[GIVEN RECORDS Boundary: Start]

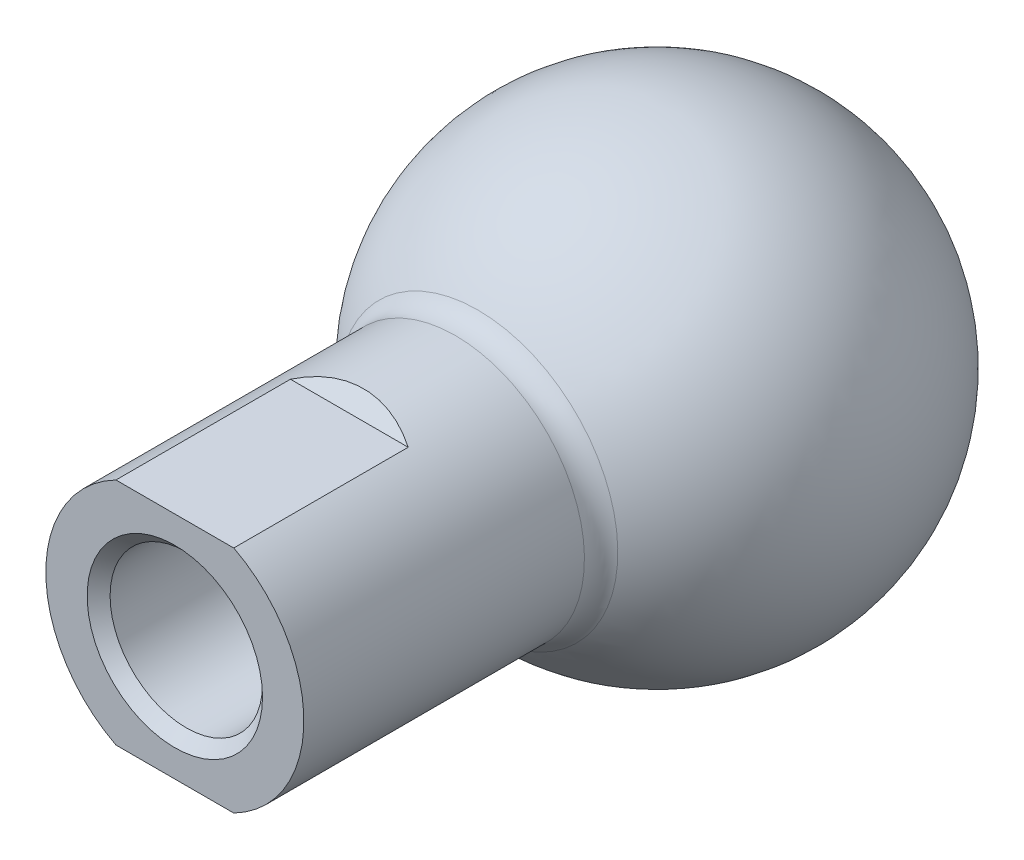
ISO-10303-21;
HEADER;
FILE_DESCRIPTION(('STEP AP214'),'2;1');
FILE_NAME('part.step','',(''),(''),'','','');
FILE_SCHEMA(('AUTOMOTIVE_DESIGN { 1 0 10303 214 1 1 1 1 }'));
ENDSEC;
DATA;
#1=APPLICATION_CONTEXT('core data for automotive mechanical design processes');
#2=APPLICATION_PROTOCOL_DEFINITION('international standard','automotive_design',2000,#1);
#3=PRODUCT_CONTEXT('',#1,'mechanical');
#4=PRODUCT('Part','Part','',(#3));
#5=PRODUCT_RELATED_PRODUCT_CATEGORY('part','',(#4));
#6=PRODUCT_DEFINITION_FORMATION('','',#4);
#7=PRODUCT_DEFINITION_CONTEXT('part definition',#1,'design');
#8=PRODUCT_DEFINITION('design','',#6,#7);
#9=PRODUCT_DEFINITION_SHAPE('','',#8);
#10=(LENGTH_UNIT() NAMED_UNIT(*) SI_UNIT(.MILLI.,.METRE.));
#11=(NAMED_UNIT(*) PLANE_ANGLE_UNIT() SI_UNIT($,.RADIAN.));
#12=(NAMED_UNIT(*) SI_UNIT($,.STERADIAN.) SOLID_ANGLE_UNIT());
#13=UNCERTAINTY_MEASURE_WITH_UNIT(LENGTH_MEASURE(1.E-05),#10,'distance_accuracy_value','');
#14=(GEOMETRIC_REPRESENTATION_CONTEXT(3) GLOBAL_UNCERTAINTY_ASSIGNED_CONTEXT((#13)) GLOBAL_UNIT_ASSIGNED_CONTEXT((#10,
#11,#12)) REPRESENTATION_CONTEXT('',''));
#15=CARTESIAN_POINT('',(0.,0.,0.));
#16=DIRECTION('',(0.,0.,1.));
#17=DIRECTION('',(1.,0.,0.));
#18=AXIS2_PLACEMENT_3D('',#15,#16,#17);
#19=CARTESIAN_POINT('',(0.,0.,-28.575));
#20=DIRECTION('',(0.,0.,1.));
#21=DIRECTION('',(1.,0.,0.));
#22=AXIS2_PLACEMENT_3D('',#19,#20,#21);
#23=PLANE('',#22);
#24=CARTESIAN_POINT('',(0.,0.,-28.5749999999894));
#25=DIRECTION('',(0.,0.,-1.));
#26=DIRECTION('',(-1.,0.,0.));
#27=AXIS2_PLACEMENT_3D('',#24,#25,#26);
#28=CIRCLE('',#27,2.57809999999381);
#29=CARTESIAN_POINT('',(-2.57809999999381,0.,-28.5749999999894));
#30=VERTEX_POINT('',#29);
#31=EDGE_CURVE('E136',#30,#30,#28,.T.);
#32=ORIENTED_EDGE('',*,*,#31,.F.);
#33=EDGE_LOOP('',(#32));
#34=FACE_BOUND('',#33,.T.);
#35=ADVANCED_FACE('F14',(#34),#23,.T.);
#36=CARTESIAN_POINT('',(0.,0.,-33.3502));
#37=DIRECTION('',(0.,0.,-1.));
#38=DIRECTION('',(-1.,0.,0.));
#39=AXIS2_PLACEMENT_3D('',#36,#37,#38);
#40=PLANE('',#39);
#41=DIRECTION('',(0.500000000000017,0.866025403784429,0.));
#42=VECTOR('',#41,1.);
#43=CARTESIAN_POINT('',(2.7422983085979,0.,-33.3502));
#44=LINE('',#43,#42);
#45=CARTESIAN_POINT('',(2.74229830859754,-2.06720328100224E-13,-33.3502));
#46=VERTEX_POINT('',#45);
#47=CARTESIAN_POINT('',(1.37114915429862,-2.3749000000001,-33.3502));
#48=VERTEX_POINT('',#47);
#49=EDGE_CURVE('E219',#46,#48,#44,.F.);
#50=ORIENTED_EDGE('',*,*,#49,.T.);
#51=DIRECTION('',(1.,0.,0.));
#52=VECTOR('',#51,1.);
#53=CARTESIAN_POINT('',(1.37114915429844,-2.3749,-33.3502));
#54=LINE('',#53,#52);
#55=CARTESIAN_POINT('',(-1.37114915429844,-2.3749,-33.3502));
#56=VERTEX_POINT('',#55);
#57=EDGE_CURVE('E138',#48,#56,#54,.F.);
#58=ORIENTED_EDGE('',*,*,#57,.T.);
#59=DIRECTION('',(0.500000000000017,-0.866025403784429,0.));
#60=VECTOR('',#59,1.);
#61=CARTESIAN_POINT('',(-1.37114915429844,-2.3749,-33.3502));
#62=LINE('',#61,#60);
#63=CARTESIAN_POINT('',(-2.74229830859754,2.06720328100224E-13,-33.3502));
#64=VERTEX_POINT('',#63);
#65=EDGE_CURVE('E146',#56,#64,#62,.F.);
#66=ORIENTED_EDGE('',*,*,#65,.T.);
#67=DIRECTION('',(-0.500000000000017,-0.866025403784429,0.));
#68=VECTOR('',#67,1.);
#69=CARTESIAN_POINT('',(-2.7422983085979,0.,-33.3502));
#70=LINE('',#69,#68);
#71=CARTESIAN_POINT('',(-1.3711491542988,2.37490000000021,-33.3502));
#72=VERTEX_POINT('',#71);
#73=EDGE_CURVE('E234',#64,#72,#70,.F.);
#74=ORIENTED_EDGE('',*,*,#73,.T.);
#75=DIRECTION('',(1.,0.,0.));
#76=VECTOR('',#75,1.);
#77=CARTESIAN_POINT('',(-1.37114915429844,2.3749,-33.3502));
#78=LINE('',#77,#76);
#79=CARTESIAN_POINT('',(1.37114915429844,2.3749,-33.3502));
#80=VERTEX_POINT('',#79);
#81=EDGE_CURVE('E229',#72,#80,#78,.T.);
#82=ORIENTED_EDGE('',*,*,#81,.T.);
#83=DIRECTION('',(-0.500000000000017,0.866025403784429,0.));
#84=VECTOR('',#83,1.);
#85=CARTESIAN_POINT('',(1.37114915429844,2.3749,-33.3502));
#86=LINE('',#85,#84);
#87=EDGE_CURVE('E224',#80,#46,#86,.F.);
#88=ORIENTED_EDGE('',*,*,#87,.T.);
#89=EDGE_LOOP('',(#50,#58,#66,#74,#82,#88));
#90=FACE_BOUND('',#89,.T.);
#91=ADVANCED_FACE('F239',(#90),#40,.T.);
#92=CARTESIAN_POINT('',(0.,0.,-30.2132999999003));
#93=DIRECTION('',(0.,0.,-1.));
#94=DIRECTION('',(-1.,0.,0.));
#95=AXIS2_PLACEMENT_3D('',#92,#93,#94);
#96=CONICAL_SURFACE('',#95,4.21639999990475,0.785398163397448);
#97=ORIENTED_EDGE('',*,*,#31,.T.);
#98=EDGE_LOOP('',(#97));
#99=FACE_BOUND('',#98,.T.);
#100=CARTESIAN_POINT('',(0.,3.11060286983338E-13,-30.2133));
#101=DIRECTION('',(0.,0.,-1.));
#102=DIRECTION('',(-1.,0.,0.));
#103=AXIS2_PLACEMENT_3D('',#100,#101,#102);
#104=CIRCLE('',#103,4.2164);
#105=CARTESIAN_POINT('',(-4.2164,3.11060286983338E-13,-30.2133));
#106=VERTEX_POINT('',#105);
#107=EDGE_CURVE('E150',#106,#106,#104,.F.);
#108=ORIENTED_EDGE('',*,*,#107,.T.);
#109=EDGE_LOOP('',(#108));
#110=FACE_BOUND('',#109,.T.);
#111=ADVANCED_FACE('F329',(#99,#110),#96,.T.);
#112=CARTESIAN_POINT('',(1.37114915429844,-2.3749,-38.1));
#113=DIRECTION('',(0.,-1.,0.));
#114=DIRECTION('',(0.,0.,-1.));
#115=AXIS2_PLACEMENT_3D('',#112,#113,#114);
#116=PLANE('',#115);
#117=ORIENTED_EDGE('',*,*,#57,.F.);
#118=DIRECTION('',(0.,0.,1.));
#119=VECTOR('',#118,1.);
#120=CARTESIAN_POINT('',(1.37114915429916,-2.37490000000041,-38.1));
#121=LINE('',#120,#119);
#122=CARTESIAN_POINT('',(1.37114915429862,-2.3749000000001,-38.1));
#123=VERTEX_POINT('',#122);
#124=EDGE_CURVE('E154',#48,#123,#121,.F.);
#125=ORIENTED_EDGE('',*,*,#124,.T.);
#126=DIRECTION('',(1.,0.,0.));
#127=VECTOR('',#126,1.);
#128=CARTESIAN_POINT('',(0.,-2.3749,-38.1));
#129=LINE('',#128,#127);
#130=CARTESIAN_POINT('',(-1.37114915429844,-2.3749,-38.1));
#131=VERTEX_POINT('',#130);
#132=EDGE_CURVE('E153',#123,#131,#129,.F.);
#133=ORIENTED_EDGE('',*,*,#132,.T.);
#134=DIRECTION('',(0.,0.,1.));
#135=VECTOR('',#134,1.);
#136=CARTESIAN_POINT('',(-1.37114915429844,-2.3749,-38.1));
#137=LINE('',#136,#135);
#138=EDGE_CURVE('E141',#131,#56,#137,.T.);
#139=ORIENTED_EDGE('',*,*,#138,.T.);
#140=EDGE_LOOP('',(#117,#125,#133,#139));
#141=FACE_BOUND('',#140,.T.);
#142=ADVANCED_FACE('F267',(#141),#116,.F.);
#143=CARTESIAN_POINT('',(-1.37114915429844,-2.3749,-38.1));
#144=DIRECTION('',(-0.866025403784429,-0.500000000000017,0.));
#145=DIRECTION('',(0.500000000000017,-0.866025403784429,0.));
#146=AXIS2_PLACEMENT_3D('',#143,#144,#145);
#147=PLANE('',#146);
#148=ORIENTED_EDGE('',*,*,#65,.F.);
#149=ORIENTED_EDGE('',*,*,#138,.F.);
#150=DIRECTION('',(-0.500000000000278,0.866025403784278,0.));
#151=VECTOR('',#150,1.);
#152=CARTESIAN_POINT('',(-1.37114915429844,-2.3749,-38.1));
#153=LINE('',#152,#151);
#154=CARTESIAN_POINT('',(-2.74229830859754,2.06720328100224E-13,-38.1));
#155=VERTEX_POINT('',#154);
#156=EDGE_CURVE('E215',#131,#155,#153,.T.);
#157=ORIENTED_EDGE('',*,*,#156,.T.);
#158=DIRECTION('',(0.,0.,1.));
#159=VECTOR('',#158,1.);
#160=CARTESIAN_POINT('',(-2.7422983085979,0.,-38.1));
#161=LINE('',#160,#159);
#162=EDGE_CURVE('E236',#155,#64,#161,.T.);
#163=ORIENTED_EDGE('',*,*,#162,.T.);
#164=EDGE_LOOP('',(#148,#149,#157,#163));
#165=FACE_BOUND('',#164,.T.);
#166=ADVANCED_FACE('F244',(#165),#147,.F.);
#167=CARTESIAN_POINT('',(-2.7422983085979,0.,-38.1));
#168=DIRECTION('',(-0.866025403784429,0.500000000000017,0.));
#169=DIRECTION('',(-0.500000000000017,-0.866025403784429,0.));
#170=AXIS2_PLACEMENT_3D('',#167,#168,#169);
#171=PLANE('',#170);
#172=ORIENTED_EDGE('',*,*,#73,.F.);
#173=ORIENTED_EDGE('',*,*,#162,.F.);
#174=DIRECTION('',(0.500000000000278,0.866025403784278,0.));
#175=VECTOR('',#174,1.);
#176=CARTESIAN_POINT('',(-2.7422983085979,0.,-38.1));
#177=LINE('',#176,#175);
#178=CARTESIAN_POINT('',(-1.3711491542988,2.37490000000021,-38.1));
#179=VERTEX_POINT('',#178);
#180=EDGE_CURVE('E213',#155,#179,#177,.T.);
#181=ORIENTED_EDGE('',*,*,#180,.T.);
#182=DIRECTION('',(0.,0.,1.));
#183=VECTOR('',#182,1.);
#184=CARTESIAN_POINT('',(-1.37114915429844,2.3749,-38.1));
#185=LINE('',#184,#183);
#186=EDGE_CURVE('E231',#179,#72,#185,.T.);
#187=ORIENTED_EDGE('',*,*,#186,.T.);
#188=EDGE_LOOP('',(#172,#173,#181,#187));
#189=FACE_BOUND('',#188,.T.);
#190=ADVANCED_FACE('F248',(#189),#171,.F.);
#191=CARTESIAN_POINT('',(-1.37114915429844,2.3749,-38.1));
#192=DIRECTION('',(0.,1.,0.));
#193=DIRECTION('',(0.,0.,1.));
#194=AXIS2_PLACEMENT_3D('',#191,#192,#193);
#195=PLANE('',#194);
#196=ORIENTED_EDGE('',*,*,#81,.F.);
#197=ORIENTED_EDGE('',*,*,#186,.F.);
#198=DIRECTION('',(1.,0.,0.));
#199=VECTOR('',#198,1.);
#200=CARTESIAN_POINT('',(0.,2.3749,-38.1));
#201=LINE('',#200,#199);
#202=CARTESIAN_POINT('',(1.37114915429844,2.3749,-38.1));
#203=VERTEX_POINT('',#202);
#204=EDGE_CURVE('E211',#179,#203,#201,.T.);
#205=ORIENTED_EDGE('',*,*,#204,.T.);
#206=DIRECTION('',(0.,0.,1.));
#207=VECTOR('',#206,1.);
#208=CARTESIAN_POINT('',(1.37114915429844,2.3749,-38.1));
#209=LINE('',#208,#207);
#210=EDGE_CURVE('E226',#203,#80,#209,.T.);
#211=ORIENTED_EDGE('',*,*,#210,.T.);
#212=EDGE_LOOP('',(#196,#197,#205,#211));
#213=FACE_BOUND('',#212,.T.);
#214=ADVANCED_FACE('F253',(#213),#195,.F.);
#215=CARTESIAN_POINT('',(1.37114915429844,2.3749,-38.1));
#216=DIRECTION('',(0.866025403784429,0.500000000000017,0.));
#217=DIRECTION('',(-0.500000000000017,0.866025403784429,0.));
#218=AXIS2_PLACEMENT_3D('',#215,#216,#217);
#219=PLANE('',#218);
#220=ORIENTED_EDGE('',*,*,#87,.F.);
#221=ORIENTED_EDGE('',*,*,#210,.F.);
#222=DIRECTION('',(0.500000000000278,-0.866025403784278,0.));
#223=VECTOR('',#222,1.);
#224=CARTESIAN_POINT('',(1.37114915429844,2.3749,-38.1));
#225=LINE('',#224,#223);
#226=CARTESIAN_POINT('',(2.74229830859754,-2.06720328100224E-13,-38.1));
#227=VERTEX_POINT('',#226);
#228=EDGE_CURVE('E209',#203,#227,#225,.T.);
#229=ORIENTED_EDGE('',*,*,#228,.T.);
#230=DIRECTION('',(0.,0.,1.));
#231=VECTOR('',#230,1.);
#232=CARTESIAN_POINT('',(2.7422983085979,0.,-38.1));
#233=LINE('',#232,#231);
#234=EDGE_CURVE('E221',#227,#46,#233,.T.);
#235=ORIENTED_EDGE('',*,*,#234,.T.);
#236=EDGE_LOOP('',(#220,#221,#229,#235));
#237=FACE_BOUND('',#236,.T.);
#238=ADVANCED_FACE('F259',(#237),#219,.F.);
#239=CARTESIAN_POINT('',(2.7422983085979,0.,-38.1));
#240=DIRECTION('',(0.866025403784429,-0.500000000000017,0.));
#241=DIRECTION('',(0.500000000000017,0.866025403784429,0.));
#242=AXIS2_PLACEMENT_3D('',#239,#240,#241);
#243=PLANE('',#242);
#244=ORIENTED_EDGE('',*,*,#49,.F.);
#245=ORIENTED_EDGE('',*,*,#234,.F.);
#246=DIRECTION('',(-0.500000000000278,-0.866025403784278,0.));
#247=VECTOR('',#246,1.);
#248=CARTESIAN_POINT('',(2.7422983085979,0.,-38.1));
#249=LINE('',#248,#247);
#250=EDGE_CURVE('E135',#227,#123,#249,.T.);
#251=ORIENTED_EDGE('',*,*,#250,.T.);
#252=ORIENTED_EDGE('',*,*,#124,.F.);
#253=EDGE_LOOP('',(#244,#245,#251,#252));
#254=FACE_BOUND('',#253,.T.);
#255=ADVANCED_FACE('F264',(#254),#243,.F.);
#256=CARTESIAN_POINT('',(0.,3.11060286983338E-13,0.));
#257=DIRECTION('',(0.,0.,-1.));
#258=DIRECTION('',(-1.,0.,0.));
#259=AXIS2_PLACEMENT_3D('',#256,#257,#258);
#260=CYLINDRICAL_SURFACE('',#259,4.2164);
#261=CARTESIAN_POINT('',(0.,3.13117587413814E-13,-0.634961470139129));
#262=DIRECTION('',(0.,0.,1.));
#263=DIRECTION('',(1.,0.,0.));
#264=AXIS2_PLACEMENT_3D('',#261,#262,#263);
#265=CIRCLE('',#264,4.2164);
#266=CARTESIAN_POINT('',(4.2164,3.13117587413814E-13,-0.634961470139129));
#267=VERTEX_POINT('',#266);
#268=EDGE_CURVE('E132',#267,#267,#265,.T.);
#269=ORIENTED_EDGE('',*,*,#268,.T.);
#270=EDGE_LOOP('',(#269));
#271=FACE_BOUND('',#270,.T.);
#272=ORIENTED_EDGE('',*,*,#107,.F.);
#273=EDGE_LOOP('',(#272));
#274=FACE_BOUND('',#273,.T.);
#275=ADVANCED_FACE('F273',(#271,#274),#260,.F.);
#276=CARTESIAN_POINT('',(0.,0.,-38.1));
#277=DIRECTION('',(0.,0.,1.));
#278=DIRECTION('',(1.,0.,0.));
#279=AXIS2_PLACEMENT_3D('',#276,#277,#278);
#280=PLANE('',#279);
#281=ORIENTED_EDGE('',*,*,#228,.F.);
#282=ORIENTED_EDGE('',*,*,#204,.F.);
#283=ORIENTED_EDGE('',*,*,#180,.F.);
#284=ORIENTED_EDGE('',*,*,#156,.F.);
#285=ORIENTED_EDGE('',*,*,#132,.F.);
#286=ORIENTED_EDGE('',*,*,#250,.F.);
#287=EDGE_LOOP('',(#281,#282,#283,#284,#285,#286));
#288=FACE_BOUND('',#287,.T.);
#289=CARTESIAN_POINT('',(0.,0.,-38.0999999999858));
#290=DIRECTION('',(0.,0.,1.));
#291=DIRECTION('',(1.,0.,0.));
#292=AXIS2_PLACEMENT_3D('',#289,#290,#291);
#293=CIRCLE('',#292,4.00050000001784);
#294=CARTESIAN_POINT('',(4.00050000001784,0.,-38.0999999999858));
#295=VERTEX_POINT('',#294);
#296=EDGE_CURVE('E129',#295,#295,#293,.T.);
#297=ORIENTED_EDGE('',*,*,#296,.F.);
#298=EDGE_LOOP('',(#297));
#299=FACE_BOUND('',#298,.T.);
#300=ADVANCED_FACE('F269',(#288,#299),#280,.F.);
#301=CARTESIAN_POINT('',(0.,3.13117587413814E-13,1.87033037946094E-05));
#302=DIRECTION('',(0.,0.,1.));
#303=DIRECTION('',(1.,0.,0.));
#304=AXIS2_PLACEMENT_3D('',#301,#302,#303);
#305=CONICAL_SURFACE('',#304,4.85137437095804,0.78539359434818);
#306=ORIENTED_EDGE('',*,*,#268,.F.);
#307=EDGE_LOOP('',(#306));
#308=FACE_BOUND('',#307,.T.);
#309=CARTESIAN_POINT('',(0.,3.13117587413814E-13,0.));
#310=DIRECTION('',(0.,0.,1.));
#311=DIRECTION('',(1.,0.,0.));
#312=AXIS2_PLACEMENT_3D('',#309,#310,#311);
#313=CIRCLE('',#312,4.85135566782516);
#314=CARTESIAN_POINT('',(4.85135566782516,3.13117587413814E-13,0.));
#315=VERTEX_POINT('',#314);
#316=EDGE_CURVE('E105',#315,#315,#313,.F.);
#317=ORIENTED_EDGE('',*,*,#316,.F.);
#318=EDGE_LOOP('',(#317));
#319=FACE_BOUND('',#318,.T.);
#320=ADVANCED_FACE('F272',(#308,#319),#305,.F.);
#321=CARTESIAN_POINT('',(0.,0.,-37.6745702222934));
#322=DIRECTION('',(0.,0.,1.));
#323=DIRECTION('',(1.,0.,0.));
#324=AXIS2_PLACEMENT_3D('',#321,#322,#323);
#325=CONICAL_SURFACE('',#324,4.42592977765344,0.785398163330641);
#326=ORIENTED_EDGE('',*,*,#296,.T.);
#327=EDGE_LOOP('',(#326));
#328=FACE_BOUND('',#327,.T.);
#329=CARTESIAN_POINT('',(0.,3.09980732084794E-13,-37.6745702223502));
#330=DIRECTION('',(0.,0.,-1.));
#331=DIRECTION('',(0.,-1.,0.));
#332=AXIS2_PLACEMENT_3D('',#329,#330,#331);
#333=CIRCLE('',#332,4.42592977771059);
#334=CARTESIAN_POINT('',(0.,-4.42592977771028,-37.6745702223502));
#335=VERTEX_POINT('',#334);
#336=EDGE_CURVE('E200',#335,#335,#333,.T.);
#337=ORIENTED_EDGE('',*,*,#336,.T.);
#338=EDGE_LOOP('',(#337));
#339=FACE_BOUND('',#338,.T.);
#340=ADVANCED_FACE('F277',(#328,#339),#325,.T.);
#341=CARTESIAN_POINT('',(-15.0876,6.35,-9.652));
#342=DIRECTION('',(0.,-0.707106781186548,-0.707106781186548));
#343=DIRECTION('',(0.,0.707106781186548,-0.707106781186548));
#344=AXIS2_PLACEMENT_3D('',#341,#342,#343);
#345=PLANE('',#344);
#346=DIRECTION('',(1.,0.,0.));
#347=VECTOR('',#346,1.);
#348=CARTESIAN_POINT('',(-15.0876,6.35,-9.652));
#349=LINE('',#348,#347);
#350=CARTESIAN_POINT('',(-3.25883088852507,6.34999999999991,-9.65199999999991));
#351=VERTEX_POINT('',#350);
#352=CARTESIAN_POINT('',(3.25883088852506,6.34999999999991,-9.65199999999991));
#353=VERTEX_POINT('',#352);
#354=EDGE_CURVE('E121',#351,#353,#349,.T.);
#355=ORIENTED_EDGE('',*,*,#354,.T.);
#356=CARTESIAN_POINT('',(0.,3.06161087463494E-13,-3.3020000000003));
#357=DIRECTION('',(0.,-0.707106781186548,-0.707106781186548));
#358=DIRECTION('',(0.,-0.707106781186548,0.707106781186548));
#359=AXIS2_PLACEMENT_3D('',#356,#357,#358);
#360=ELLIPSE('',#359,10.0938078800817,7.1374);
#361=EDGE_CURVE('E125',#351,#353,#360,.T.);
#362=ORIENTED_EDGE('',*,*,#361,.F.);
#363=EDGE_LOOP('',(#355,#362));
#364=FACE_BOUND('',#363,.T.);
#365=ADVANCED_FACE('F280',(#364),#345,.F.);
#366=CARTESIAN_POINT('',(-15.0876,-7.1374,-10.4394));
#367=DIRECTION('',(0.,0.707106781186798,-0.707106781186298));
#368=DIRECTION('',(0.,0.707106781186298,0.707106781186798));
#369=AXIS2_PLACEMENT_3D('',#366,#367,#368);
#370=PLANE('',#369);
#371=DIRECTION('',(1.,0.,0.));
#372=VECTOR('',#371,1.);
#373=CARTESIAN_POINT('',(-15.0876,-6.35,-9.652));
#374=LINE('',#373,#372);
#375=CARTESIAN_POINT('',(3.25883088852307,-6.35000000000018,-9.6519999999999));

[GIVEN RECORDS Boundary: End]

TASK
Only the lines above starting at the one containing "#239=CARTESIAN_POINT('',(2.7422983085979,0.,-38.1));" and ending at the one containing "#251=ORIENTED_EDGE('',*,*,#250,.T.);", both included, are to be returned, exactly as they read.

YOUR RESPONSE
#239=CARTESIAN_POINT('',(2.7422983085979,0.,-38.1));
#240=DIRECTION('',(0.866025403784429,-0.500000000000017,0.));
#241=DIRECTION('',(0.500000000000017,0.866025403784429,0.));
#242=AXIS2_PLACEMENT_3D('',#239,#240,#241);
#243=PLANE('',#242);
#244=ORIENTED_EDGE('',*,*,#49,.F.);
#245=ORIENTED_EDGE('',*,*,#234,.F.);
#246=DIRECTION('',(-0.500000000000278,-0.866025403784278,0.));
#247=VECTOR('',#246,1.);
#248=CARTESIAN_POINT('',(2.7422983085979,0.,-38.1));
#249=LINE('',#248,#247);
#250=EDGE_CURVE('E135',#227,#123,#249,.T.);
#251=ORIENTED_EDGE('',*,*,#250,.T.);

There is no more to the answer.